Use of Ultrasound for Endometrial Cancer Screening Is Weighed


SANTA MONICA, CALIF. — Transvaginal ultrasound has a specificity as high as 97% in screening asymptomatic women for endometrial cancer, but its use in the general population would result in a substantial number of false positives, according to a poster presentation at the biennial meeting of the International Gynecologic Cancer Society.

Using an endometrial-thickness cutoff of 10 mm or greater results in a 97% specificity and a 56% sensitivity, wrote Dr. Ian Jacobs of University College London and his colleagues. A cutoff of 5 mm or greater would result in a specificity of 86% and a sensitivity of 82%.

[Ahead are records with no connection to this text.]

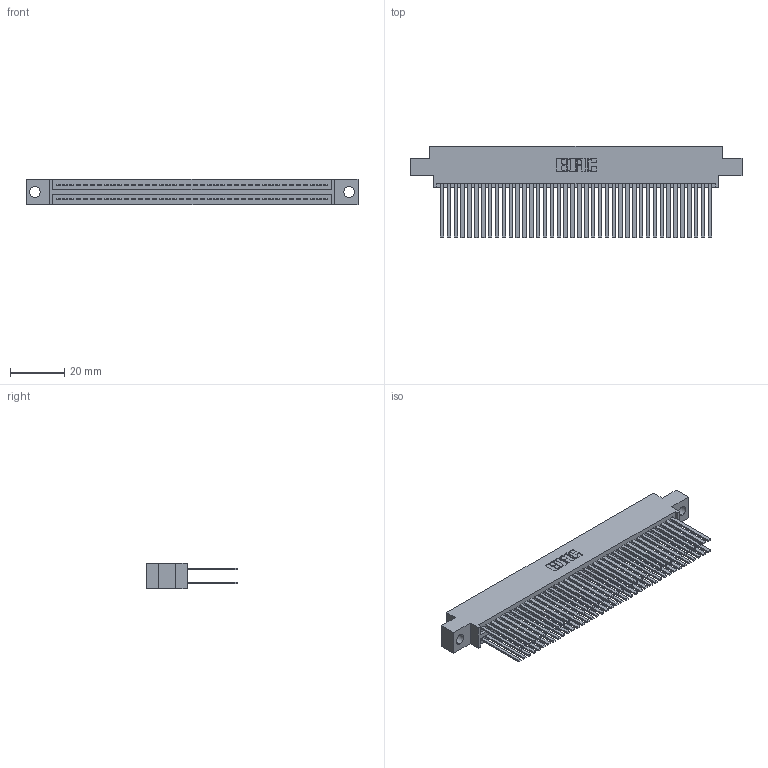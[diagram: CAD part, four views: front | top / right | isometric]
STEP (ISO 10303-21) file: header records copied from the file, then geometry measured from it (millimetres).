
FILE_DESCRIPTION (( 'STEP AP203' ), '1' );
FILE_NAME ('345-080-544-804.STEP', '2018-10-03T18:36:48', ( '' ), ( '' ), 'SwSTEP 2.0', 'SolidWorks 2016', '' );
FILE_SCHEMA (( 'CONFIG_CONTROL_DESIGN' ));
Length unit declared in the file: inch
Products named in the file (3): 345-292-001_345-293-144; 345 Part_0.170 Offset - 0.156 Dia-TH; 345-080-544-804
Assembly tree (81 placements, depth 2):
  345-080-544-804
    345 Part_0.170 Offset - 0.156 Dia-TH
    345-292-001_345-293-144  x80
Bounding box: 122.81 x 33.96 x 9.4 mm (x, y, z)
Volume: 12831.4 mm3; surface area: 22173.8 mm2
Topology: 81 solids, 81 shells, 3650 faces, 10833 edges, 7114 vertices
Faces by surface type: plane 2404, cylinder 1246
Entity records: 31605 total; most frequent: CARTESIAN_POINT 5300, ORIENTED_EDGE 5234, DIRECTION 4673, EDGE_CURVE 2617, LINE 2329, VECTOR 2329, VERTEX_POINT 1742, AXIS2_PLACEMENT_3D 1172
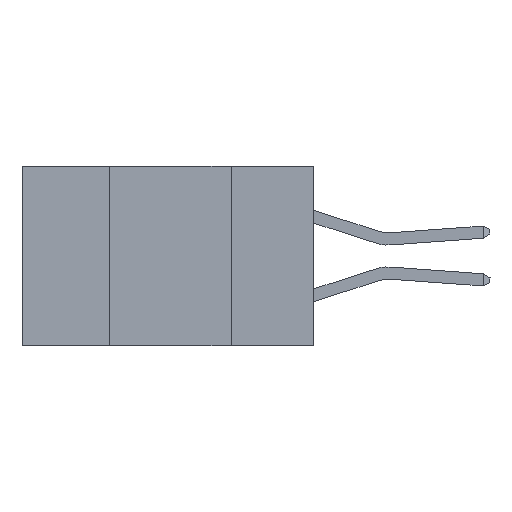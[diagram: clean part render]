
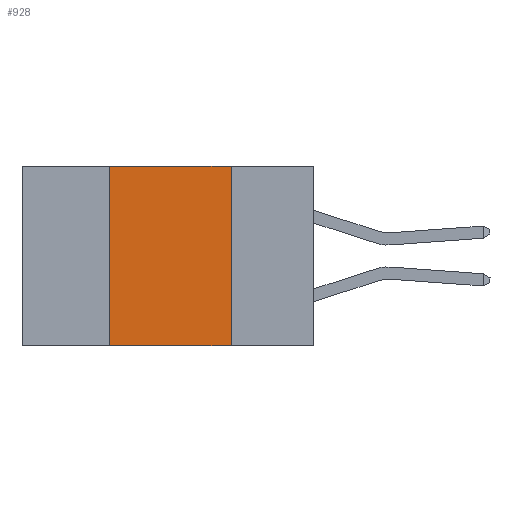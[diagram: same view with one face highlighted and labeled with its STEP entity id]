
A CAD part, left-side view. The second image highlights one B-rep face of the part: STEP entity #928.
In plain terms, the highlighted planar face has unit normal (-1, 0, 0).
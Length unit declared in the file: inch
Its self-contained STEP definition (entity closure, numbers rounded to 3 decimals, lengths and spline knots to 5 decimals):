
#464 = EDGE_CURVE ( 'NONE', #3547, #8521, #11679, .T. ) ;
#928 = ADVANCED_FACE ( 'NONE', ( #17394 ), #8963, .F. ) ;
#1157 = LINE ( 'NONE', #8208, #15517 ) ;
#1199 = CARTESIAN_POINT ( 'NONE',  ( 0., 0.17, 0. ) ) ;
#2326 = VECTOR ( 'NONE', #17295, 39.37008 ) ;
#3547 = VERTEX_POINT ( 'NONE', #9698 ) ;
#3566 = DIRECTION ( 'NONE',  ( 1., 0., 0. ) ) ;
#4113 = CARTESIAN_POINT ( 'NONE',  ( 0., 0.17, 0. ) ) ;
#4115 = VERTEX_POINT ( 'NONE', #19228 ) ;
#5528 = VERTEX_POINT ( 'NONE', #1199 ) ;
#6646 = ORIENTED_EDGE ( 'NONE', *, *, #464, .T. ) ;
#8082 = ORIENTED_EDGE ( 'NONE', *, *, #20527, .F. ) ;
#8208 = CARTESIAN_POINT ( 'NONE',  ( 0., 0.42, 0. ) ) ;
#8521 = VERTEX_POINT ( 'NONE', #12342 ) ;
#8610 = EDGE_CURVE ( 'NONE', #5528, #8521, #19278, .T. ) ;
#8674 = DIRECTION ( 'NONE',  ( 0., 0., -1. ) ) ;
#8963 = PLANE ( 'NONE',  #19462 ) ;
#9597 = DIRECTION ( 'NONE',  ( 0., -1., 0. ) ) ;
#9622 = DIRECTION ( 'NONE',  ( 0., -1., 0. ) ) ;
#9698 = CARTESIAN_POINT ( 'NONE',  ( 0., 0.42, -0.37 ) ) ;
#10980 = ORIENTED_EDGE ( 'NONE', *, *, #21196, .F. ) ;
#11679 = LINE ( 'NONE', #19846, #19986 ) ;
#12342 = CARTESIAN_POINT ( 'NONE',  ( 0., 0.17, -0.37 ) ) ;
#12768 = CARTESIAN_POINT ( 'NONE',  ( 0., 0.6, 0. ) ) ;
#14574 = CARTESIAN_POINT ( 'NONE',  ( 0., 0.6, 0. ) ) ;
#15322 = ORIENTED_EDGE ( 'NONE', *, *, #8610, .F. ) ;
#15517 = VECTOR ( 'NONE', #18044, 39.37008 ) ;
#17295 = DIRECTION ( 'NONE',  ( 0., 0., -1. ) ) ;
#17394 = FACE_OUTER_BOUND ( 'NONE', #18003, .T. ) ;
#18003 = EDGE_LOOP ( 'NONE', ( #15322, #10980, #8082, #6646 ) ) ;
#18044 = DIRECTION ( 'NONE',  ( 0., 0., 1. ) ) ;
#19148 = LINE ( 'NONE', #14574, #21437 ) ;
#19228 = CARTESIAN_POINT ( 'NONE',  ( 0., 0.42, 0. ) ) ;
#19278 = LINE ( 'NONE', #4113, #2326 ) ;
#19462 = AXIS2_PLACEMENT_3D ( 'NONE', #12768, #3566, #8674 ) ;
#19846 = CARTESIAN_POINT ( 'NONE',  ( 0., 0.6, -0.37 ) ) ;
#19986 = VECTOR ( 'NONE', #9597, 39.37008 ) ;
#20527 = EDGE_CURVE ( 'NONE', #3547, #4115, #1157, .T. ) ;
#21196 = EDGE_CURVE ( 'NONE', #4115, #5528, #19148, .T. ) ;
#21437 = VECTOR ( 'NONE', #9622, 39.37008 ) ;
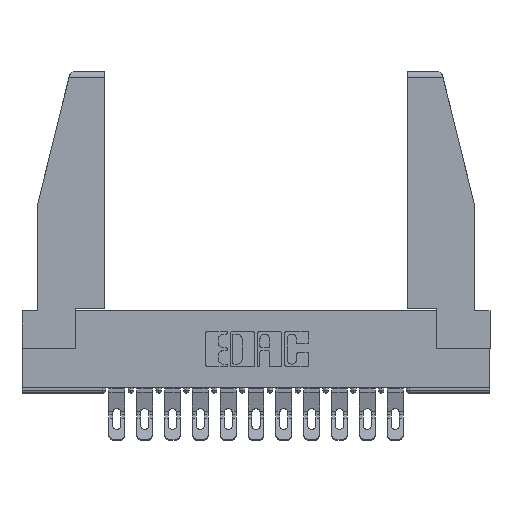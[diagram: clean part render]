
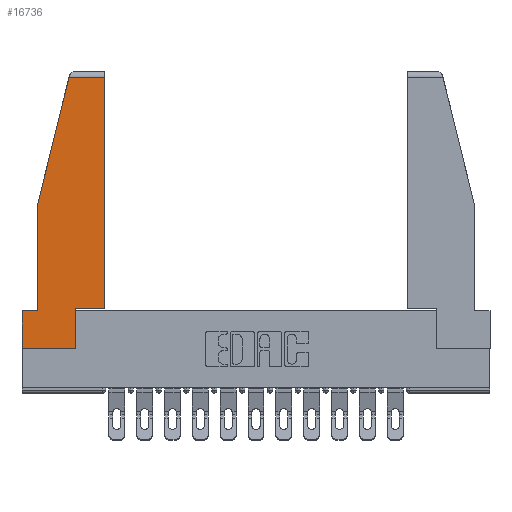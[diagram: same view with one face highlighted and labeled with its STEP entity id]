
A CAD part, top view. The second image highlights one B-rep face of the part: STEP entity #16736.
In plain terms, the highlighted planar face has unit normal (0, 0, 1).
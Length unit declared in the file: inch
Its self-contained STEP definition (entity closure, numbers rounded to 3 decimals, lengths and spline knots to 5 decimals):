
#313 = VECTOR ( 'NONE', #1327, 39.37008 ) ;
#539 = ORIENTED_EDGE ( 'NONE', *, *, #14318, .T. ) ;
#831 = VERTEX_POINT ( 'NONE', #15491 ) ;
#1036 = ORIENTED_EDGE ( 'NONE', *, *, #12244, .T. ) ;
#1068 = AXIS2_PLACEMENT_3D ( 'NONE', #9810, #5510, #12725 ) ;
#1146 = VERTEX_POINT ( 'NONE', #7462 ) ;
#1267 = CARTESIAN_POINT ( 'NONE',  ( 0.271, 1.55, 0. ) ) ;
#1327 = DIRECTION ( 'NONE',  ( 0., -1., 0. ) ) ;
#1561 = CARTESIAN_POINT ( 'NONE',  ( 0.461, 0.223, 0. ) ) ;
#1638 = EDGE_CURVE ( 'NONE', #9289, #12564, #17100, .T. ) ;
#1905 = EDGE_CURVE ( 'NONE', #18235, #2138, #17765, .T. ) ;
#1938 = VERTEX_POINT ( 'NONE', #5334 ) ;
#2048 = CARTESIAN_POINT ( 'NONE',  ( 0.461, 0.223, 0. ) ) ;
#2138 = VERTEX_POINT ( 'NONE', #11712 ) ;
#2374 = VECTOR ( 'NONE', #9969, 39.37008 ) ;
#3233 = DIRECTION ( 'NONE',  ( -1., 0., 0. ) ) ;
#4056 = ORIENTED_EDGE ( 'NONE', *, *, #14962, .T. ) ;
#4716 = CARTESIAN_POINT ( 'NONE',  ( 0.461, 1.52, 0. ) ) ;
#4769 = VECTOR ( 'NONE', #3233, 39.37008 ) ;
#5334 = CARTESIAN_POINT ( 'NONE',  ( 0.086, 0.8, 0. ) ) ;
#5425 = ORIENTED_EDGE ( 'NONE', *, *, #12983, .T. ) ;
#5510 = DIRECTION ( 'NONE',  ( 0., 0., 1. ) ) ;
#5546 = ORIENTED_EDGE ( 'NONE', *, *, #6368, .T. ) ;
#5649 = CARTESIAN_POINT ( 'NONE',  ( 0.297, 0.223, 0. ) ) ;
#5695 = CARTESIAN_POINT ( 'NONE',  ( 0., 0.21, 0. ) ) ;
#6273 = CARTESIAN_POINT ( 'NONE',  ( 0., 0., 0. ) ) ;
#6368 = EDGE_CURVE ( 'NONE', #1938, #18235, #7327, .T. ) ;
#6427 = ORIENTED_EDGE ( 'NONE', *, *, #8462, .T. ) ;
#7060 = VERTEX_POINT ( 'NONE', #6273 ) ;
#7327 = LINE ( 'NONE', #14141, #16879 ) ;
#7462 = CARTESIAN_POINT ( 'NONE',  ( 0.2636, 1.52, 0. ) ) ;
#7615 = LINE ( 'NONE', #15012, #2374 ) ;
#7843 = ORIENTED_EDGE ( 'NONE', *, *, #1638, .T. ) ;
#7858 = DIRECTION ( 'NONE',  ( 0., -1., 0. ) ) ;
#8400 = PLANE ( 'NONE',  #1068 ) ;
#8402 = LINE ( 'NONE', #18006, #9093 ) ;
#8462 = EDGE_CURVE ( 'NONE', #12564, #1146, #13374, .T. ) ;
#9030 = CARTESIAN_POINT ( 'NONE',  ( 0.297, 0., 0. ) ) ;
#9033 = VECTOR ( 'NONE', #17493, 39.37008 ) ;
#9093 = VECTOR ( 'NONE', #10719, 39.37008 ) ;
#9289 = VERTEX_POINT ( 'NONE', #1561 ) ;
#9810 = CARTESIAN_POINT ( 'NONE',  ( 0., 0., 0. ) ) ;
#9969 = DIRECTION ( 'NONE',  ( 1., 0., 0. ) ) ;
#10179 = EDGE_CURVE ( 'NONE', #1146, #1938, #13129, .T. ) ;
#10466 = CARTESIAN_POINT ( 'NONE',  ( 0., 1.52, 0. ) ) ;
#10622 = FACE_OUTER_BOUND ( 'NONE', #12404, .T. ) ;
#10719 = DIRECTION ( 'NONE',  ( 0., 1., 0. ) ) ;
#11712 = CARTESIAN_POINT ( 'NONE',  ( 0., 0.21, 0. ) ) ;
#11738 = ORIENTED_EDGE ( 'NONE', *, *, #10179, .T. ) ;
#11866 = LINE ( 'NONE', #5695, #313 ) ;
#12244 = EDGE_CURVE ( 'NONE', #7060, #13634, #7615, .T. ) ;
#12404 = EDGE_LOOP ( 'NONE', ( #7843, #6427, #11738, #5546, #16718, #5425, #1036, #4056, #539 ) ) ;
#12564 = VERTEX_POINT ( 'NONE', #4716 ) ;
#12725 = DIRECTION ( 'NONE',  ( 1., 0., 0. ) ) ;
#12983 = EDGE_CURVE ( 'NONE', #2138, #7060, #11866, .T. ) ;
#13129 = LINE ( 'NONE', #1267, #9033 ) ;
#13374 = LINE ( 'NONE', #10466, #4769 ) ;
#13634 = VERTEX_POINT ( 'NONE', #9030 ) ;
#13674 = DIRECTION ( 'NONE',  ( 0., 1., 0. ) ) ;
#13901 = VECTOR ( 'NONE', #18246, 39.37008 ) ;
#14081 = CARTESIAN_POINT ( 'NONE',  ( 0., 0.21, 0. ) ) ;
#14141 = CARTESIAN_POINT ( 'NONE',  ( 0.086, 0.8, 0. ) ) ;
#14318 = EDGE_CURVE ( 'NONE', #831, #9289, #18178, .T. ) ;
#14962 = EDGE_CURVE ( 'NONE', #13634, #831, #8402, .T. ) ;
#15012 = CARTESIAN_POINT ( 'NONE',  ( 0., 0., 0. ) ) ;
#15491 = CARTESIAN_POINT ( 'NONE',  ( 0.297, 0.223, 0. ) ) ;
#15541 = DIRECTION ( 'NONE',  ( 1., 0., 0. ) ) ;
#16718 = ORIENTED_EDGE ( 'NONE', *, *, #1905, .T. ) ;
#16736 = ADVANCED_FACE ( 'NONE', ( #10622 ), #8400, .T. ) ;
#16879 = VECTOR ( 'NONE', #7858, 39.37008 ) ;
#17100 = LINE ( 'NONE', #2048, #17991 ) ;
#17493 = DIRECTION ( 'NONE',  ( -0.239, -0.971, 0. ) ) ;
#17523 = VECTOR ( 'NONE', #15541, 39.37008 ) ;
#17765 = LINE ( 'NONE', #14081, #13901 ) ;
#17991 = VECTOR ( 'NONE', #13674, 39.37008 ) ;
#18006 = CARTESIAN_POINT ( 'NONE',  ( 0.297, 0., 0. ) ) ;
#18178 = LINE ( 'NONE', #5649, #17523 ) ;
#18235 = VERTEX_POINT ( 'NONE', #18774 ) ;
#18246 = DIRECTION ( 'NONE',  ( -1., 0., 0. ) ) ;
#18774 = CARTESIAN_POINT ( 'NONE',  ( 0.086, 0.21, 0. ) ) ;

Using different cutoffs, depending on whether or not a woman used hormone replacement therapy, did not appreciably change the overall sensitivity or specificity.

The risk of endometrial cancer is associated with increasing weight, a history of breast cancer, and a history of any other cancer, but the study showed that limiting screening with transvaginal ultrasound to a higher-risk group of the population would result in only a slight increase in specificity.

Incorporating information on endometrial abnormalities can increase sensitivity somewhat, but at the expense of specificity. The investigators defined endometrial abnormalities as including polyps, fluid in the cavity, and/or thickened, cystic, irregular, or heterogeneous endometrium. Using the 10-mm cutoff for endometrial thickness and/or the presence of an endometrial abnormality resulted in a sensitivity of 73% and a specificity of 90% (compared with 56% and 97% without considering abnormalities).

The study used results from the U.K. Collaborative Trial of Ovarian Cancer Screening. Among the 38,668 asymptomatic women for whom transvaginal ultrasound results were available, 82 women were found to have endometrial cancer, including 5 with complex hyperplasia and 4 with atypical hyperplasia.

The investigators noted that current recommendations call for screening only women at especially high risk because of hereditary cancer syndromes. There is only limited enthusiasm for screening the general population, because endometrial cancer is found in stage I about 70% of the time and these patients have a relatively high 5-year survival rate of 85%. On the other hand, women diagnosed with stage Ic have a 5-year survival of 42%, and those with stage IV have a 5-year survival of 25%.

Screening of the general population would be expected to benefit those women but at the expense of significant false-positive rates that would result in some women having unnecessary diagnostic procedures.